Не такой уж он безнравственный, а просто немного тоже позирует, хотя и талантлив, — хочется сказать спокойную фразу».
Слово «инфернальный» мне тогда было неведомо и потому заинтриговало. Ещё больше удивило определение «безнравственный»: что за поэт такой, которого все привычно называют безнравственным? И хотя критик пояснял, что Кузнецов на самом деле — «не такой уж безнравственный, а просто немного позирует», всё равно меня разохотило.
В этом же альманахе я увидел два стихотворения того самого Кузнецова, прочёл их — и запомнил навсегда. «Воет мартен, или воет сирена. Красные раки ползут» — эти жутко-притягательные строки всё вертелись в моём отроческом сознании, не отпуская.

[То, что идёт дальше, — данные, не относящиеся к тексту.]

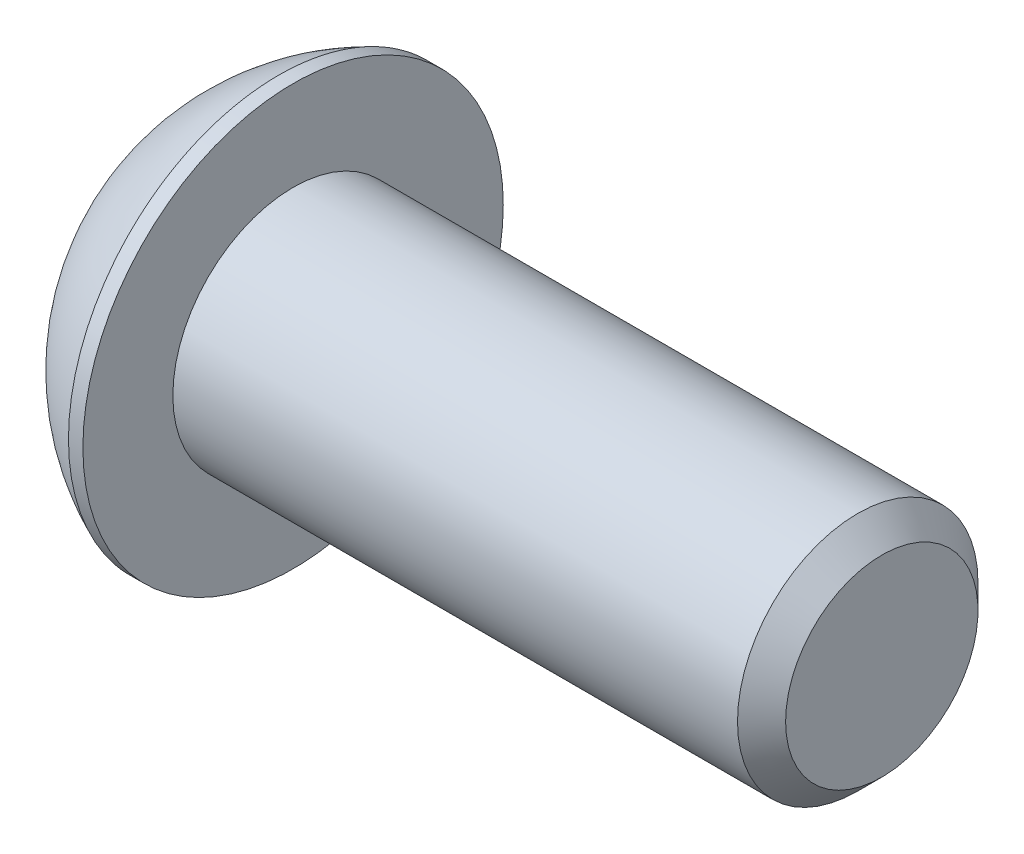
ISO-10303-21;
HEADER;
FILE_DESCRIPTION(('STEP AP214'),'2;1');
FILE_NAME('part.step','',(''),(''),'','','');
FILE_SCHEMA(('AUTOMOTIVE_DESIGN { 1 0 10303 214 1 1 1 1 }'));
ENDSEC;
DATA;
#1=APPLICATION_CONTEXT('core data for automotive mechanical design processes');
#2=APPLICATION_PROTOCOL_DEFINITION('international standard','automotive_design',2000,#1);
#3=PRODUCT_CONTEXT('',#1,'mechanical');
#4=PRODUCT('Part','Part','',(#3));
#5=PRODUCT_RELATED_PRODUCT_CATEGORY('part','',(#4));
#6=PRODUCT_DEFINITION_FORMATION('','',#4);
#7=PRODUCT_DEFINITION_CONTEXT('part definition',#1,'design');
#8=PRODUCT_DEFINITION('design','',#6,#7);
#9=PRODUCT_DEFINITION_SHAPE('','',#8);
#10=(LENGTH_UNIT() NAMED_UNIT(*) SI_UNIT(.MILLI.,.METRE.));
#11=(NAMED_UNIT(*) PLANE_ANGLE_UNIT() SI_UNIT($,.RADIAN.));
#12=(NAMED_UNIT(*) SI_UNIT($,.STERADIAN.) SOLID_ANGLE_UNIT());
#13=UNCERTAINTY_MEASURE_WITH_UNIT(LENGTH_MEASURE(1.E-05),#10,'distance_accuracy_value','');
#14=(GEOMETRIC_REPRESENTATION_CONTEXT(3) GLOBAL_UNCERTAINTY_ASSIGNED_CONTEXT((#13)) GLOBAL_UNIT_ASSIGNED_CONTEXT((#10,
#11,#12)) REPRESENTATION_CONTEXT('',''));
#15=CARTESIAN_POINT('',(0.,0.,0.));
#16=DIRECTION('',(0.,0.,1.));
#17=DIRECTION('',(1.,0.,0.));
#18=AXIS2_PLACEMENT_3D('',#15,#16,#17);
#19=CARTESIAN_POINT('',(1.32080000000034,0.,0.));
#20=DIRECTION('',(-1.,0.,0.));
#21=DIRECTION('',(0.,0.,1.));
#22=AXIS2_PLACEMENT_3D('',#19,#20,#21);
#23=CONICAL_SURFACE('',#22,1.1937999999998,1.04719755119608);
#24=CARTESIAN_POINT('',(2.01004075135902,0.,-4.44089209850063E-13));
#25=VERTEX_POINT('',#24);
#26=VERTEX_LOOP('',#25);
#27=FACE_BOUND('',#26,.T.);
#28=CARTESIAN_POINT('',(1.32080000000009,0.,0.));
#29=DIRECTION('',(-1.,0.,0.));
#30=DIRECTION('',(0.,0.,1.));
#31=AXIS2_PLACEMENT_3D('',#28,#29,#30);
#32=CIRCLE('',#31,1.19380000000024);
#33=CARTESIAN_POINT('',(1.32080000000009,0.,1.19380000000024));
#34=VERTEX_POINT('',#33);
#35=EDGE_CURVE('E20',#34,#34,#32,.T.);
#36=ORIENTED_EDGE('',*,*,#35,.T.);
#37=EDGE_LOOP('',(#36));
#38=FACE_BOUND('',#37,.T.);
#39=ADVANCED_FACE('F17',(#27,#38),#23,.F.);
#40=CARTESIAN_POINT('',(1.3208,-2.29135888084633,0.));
#41=DIRECTION('',(1.,0.,0.));
#42=DIRECTION('',(0.,0.,-1.));
#43=AXIS2_PLACEMENT_3D('',#40,#41,#42);
#44=PLANE('',#43);
#45=DIRECTION('',(0.,1.,0.));
#46=VECTOR('',#45,1.);
#47=CARTESIAN_POINT('',(1.3208,-1.14567944042316,1.984375));
#48=LINE('',#47,#46);
#49=CARTESIAN_POINT('',(1.3208,1.14567944042316,1.984375));
#50=VERTEX_POINT('',#49);
#51=CARTESIAN_POINT('',(1.3208,-1.14567944042316,1.984375));
#52=VERTEX_POINT('',#51);
#53=EDGE_CURVE('E69',#50,#52,#48,.F.);
#54=ORIENTED_EDGE('',*,*,#53,.F.);
#55=DIRECTION('',(0.,0.5,-0.866025403784439));
#56=VECTOR('',#55,1.);
#57=CARTESIAN_POINT('',(1.3208,1.14567944042316,1.984375));
#58=LINE('',#57,#56);
#59=CARTESIAN_POINT('',(1.3208,2.29135888084633,0.));
#60=VERTEX_POINT('',#59);
#61=EDGE_CURVE('E293',#60,#50,#58,.F.);
#62=ORIENTED_EDGE('',*,*,#61,.F.);
#63=DIRECTION('',(0.,-0.5,-0.866025403784439));
#64=VECTOR('',#63,1.);
#65=CARTESIAN_POINT('',(1.3208,2.29135888084633,0.));
#66=LINE('',#65,#64);
#67=CARTESIAN_POINT('',(1.3208,1.14567944042316,-1.984375));
#68=VERTEX_POINT('',#67);
#69=EDGE_CURVE('E297',#68,#60,#66,.F.);
#70=ORIENTED_EDGE('',*,*,#69,.F.);
#71=DIRECTION('',(0.,1.,0.));
#72=VECTOR('',#71,1.);
#73=CARTESIAN_POINT('',(1.3208,1.14567944042316,-1.984375));
#74=LINE('',#73,#72);
#75=CARTESIAN_POINT('',(1.3208,-1.14567944042316,-1.984375));
#76=VERTEX_POINT('',#75);
#77=EDGE_CURVE('E302',#76,#68,#74,.T.);
#78=ORIENTED_EDGE('',*,*,#77,.F.);
#79=DIRECTION('',(0.,-0.500000000000001,0.866025403784438));
#80=VECTOR('',#79,1.);
#81=CARTESIAN_POINT('',(1.3208,-1.14567944042316,-1.984375));
#82=LINE('',#81,#80);
#83=CARTESIAN_POINT('',(1.3208,-2.29135888084633,0.));
#84=VERTEX_POINT('',#83);
#85=EDGE_CURVE('E307',#84,#76,#82,.F.);
#86=ORIENTED_EDGE('',*,*,#85,.F.);
#87=DIRECTION('',(0.,0.500000000000001,0.866025403784438));
#88=VECTOR('',#87,1.);
#89=CARTESIAN_POINT('',(1.3208,-2.29135888084633,0.));
#90=LINE('',#89,#88);
#91=EDGE_CURVE('E82',#52,#84,#90,.F.);
#92=ORIENTED_EDGE('',*,*,#91,.F.);
#93=EDGE_LOOP('',(#54,#62,#70,#78,#86,#92));
#94=FACE_BOUND('',#93,.T.);
#95=ORIENTED_EDGE('',*,*,#35,.F.);
#96=EDGE_LOOP('',(#95));
#97=FACE_BOUND('',#96,.T.);
#98=ADVANCED_FACE('F75',(#94,#97),#44,.F.);
#99=CARTESIAN_POINT('',(1.3208,-1.14567944042316,1.984375));
#100=DIRECTION('',(0.,0.,-1.));
#101=DIRECTION('',(0.,1.,0.));
#102=AXIS2_PLACEMENT_3D('',#99,#100,#101);
#103=PLANE('',#102);
#104=ORIENTED_EDGE('',*,*,#53,.T.);
#105=DIRECTION('',(1.,0.,0.));
#106=VECTOR('',#105,1.);
#107=CARTESIAN_POINT('',(1.3208,-1.14567944042316,1.984375));
#108=LINE('',#107,#106);
#109=CARTESIAN_POINT('',(0.,-1.14567944042316,1.984375));
#110=VERTEX_POINT('',#109);
#111=EDGE_CURVE('E79',#110,#52,#108,.T.);
#112=ORIENTED_EDGE('',*,*,#111,.F.);
#113=DIRECTION('',(0.,1.,0.));
#114=VECTOR('',#113,1.);
#115=CARTESIAN_POINT('',(0.,0.,1.984375));
#116=LINE('',#115,#114);
#117=CARTESIAN_POINT('',(0.,1.14567944042316,1.984375));
#118=VERTEX_POINT('',#117);
#119=EDGE_CURVE('E287',#118,#110,#116,.F.);
#120=ORIENTED_EDGE('',*,*,#119,.F.);
#121=DIRECTION('',(1.,0.,0.));
#122=VECTOR('',#121,1.);
#123=CARTESIAN_POINT('',(1.3208,1.14567944042316,1.984375));
#124=LINE('',#123,#122);
#125=EDGE_CURVE('E290',#50,#118,#124,.F.);
#126=ORIENTED_EDGE('',*,*,#125,.F.);
#127=EDGE_LOOP('',(#104,#112,#120,#126));
#128=FACE_BOUND('',#127,.T.);
#129=ADVANCED_FACE('F129',(#128),#103,.T.);
#130=CARTESIAN_POINT('',(1.3208,-2.29135888084633,0.));
#131=DIRECTION('',(0.,0.866025403784438,-0.500000000000001));
#132=DIRECTION('',(0.,0.500000000000001,0.866025403784438));
#133=AXIS2_PLACEMENT_3D('',#130,#131,#132);
#134=PLANE('',#133);
#135=ORIENTED_EDGE('',*,*,#91,.T.);
#136=DIRECTION('',(1.,0.,0.));
#137=VECTOR('',#136,1.);
#138=CARTESIAN_POINT('',(1.3208,-2.29135888084633,0.));
#139=LINE('',#138,#137);
#140=CARTESIAN_POINT('',(0.,-2.29135888084633,0.));
#141=VERTEX_POINT('',#140);
#142=EDGE_CURVE('E309',#141,#84,#139,.T.);
#143=ORIENTED_EDGE('',*,*,#142,.F.);
#144=DIRECTION('',(0.,-0.500000000000001,-0.866025403784438));
#145=VECTOR('',#144,1.);
#146=CARTESIAN_POINT('',(0.,-1.14567944042316,1.984375));
#147=LINE('',#146,#145);
#148=EDGE_CURVE('E284',#110,#141,#147,.T.);
#149=ORIENTED_EDGE('',*,*,#148,.F.);
#150=ORIENTED_EDGE('',*,*,#111,.T.);
#151=EDGE_LOOP('',(#135,#143,#149,#150));
#152=FACE_BOUND('',#151,.T.);
#153=ADVANCED_FACE('F125',(#152),#134,.T.);
#154=CARTESIAN_POINT('',(1.3208,-1.14567944042316,-1.984375));
#155=DIRECTION('',(0.,0.866025403784438,0.500000000000001));
#156=DIRECTION('',(0.,-0.500000000000001,0.866025403784438));
#157=AXIS2_PLACEMENT_3D('',#154,#155,#156);
#158=PLANE('',#157);
#159=ORIENTED_EDGE('',*,*,#85,.T.);
#160=DIRECTION('',(1.,0.,0.));
#161=VECTOR('',#160,1.);
#162=CARTESIAN_POINT('',(1.3208,-1.14567944042316,-1.984375));
#163=LINE('',#162,#161);
#164=CARTESIAN_POINT('',(0.,-1.14567944042316,-1.984375));
#165=VERTEX_POINT('',#164);
#166=EDGE_CURVE('E304',#165,#76,#163,.T.);
#167=ORIENTED_EDGE('',*,*,#166,.F.);
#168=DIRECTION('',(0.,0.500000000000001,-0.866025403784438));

Я стал собирать информацию о Кузнецове, узнал, что он — почти мой земляк (Тихорецкая, Краснодар — всё это совсем рядом). Потом, роясь в стеллажах юношеской библиотеки, обнаружил тоненькую книжечку «Выходя на дорогу, душа оглянулась» — и стал восхищённо бегать с ней, всем подряд читая стихи про «последнего эмигранта» («Прошу, моему поражению отдайте последний салют» — потом автор изменил — «моему поколению отдайте последний салют» — стало хуже), про «чёрный подсолнух».
Мёртвым светом его охватило,
Он уже не внимал ничему.
Только видел ночное светило,
Присягая на верность ему.
Незадолго до этого я сам написал в тетрадке для первых стихотворных опытов…
Мы не знаем, творим мы добро или зло.
Отчего же тогда нас так тянет творить?
Тогда Кузнецов манил этим. Правом на неправильный путь, правом на поражение, на нети, на верность «ночному светилу» («осквернённой святыни не надо»). В Кузнецове был соблазн неоднозначностью — а всё остальное вокруг меня было беспросветно однозначно…
На меня нашёл амок. Я искал стихи Кузнецова повсюду; находя, усердно переписывал в тетрадь…
Я встретился с промозглым стариком,
Глаза слезятся. — Что с тобой? — спросил я.
— Мне в очи плюнул тот, кого убил я,
И плачу я с тех пор его плевком.
«Как это глубоко, точно, красиво!» — зачарованно думал я.
Закончив школу, я поступил на филфак Адыгейского пединститута и на вступительных экзаменах читал наизусть приёмной комиссии стихи Кузнецова. Моя дипломная тоже была посвящена Кузнецову; и одним из героев моей кандидатской диссертации был Кузнецов (а если бы мне позволили, он был бы единственным героем моей кандидатской). Когда я напишу докторскую, в ней непременно будет идти речь о Кузнецове. Юрий Кузнецов со мной — на всю жизнь…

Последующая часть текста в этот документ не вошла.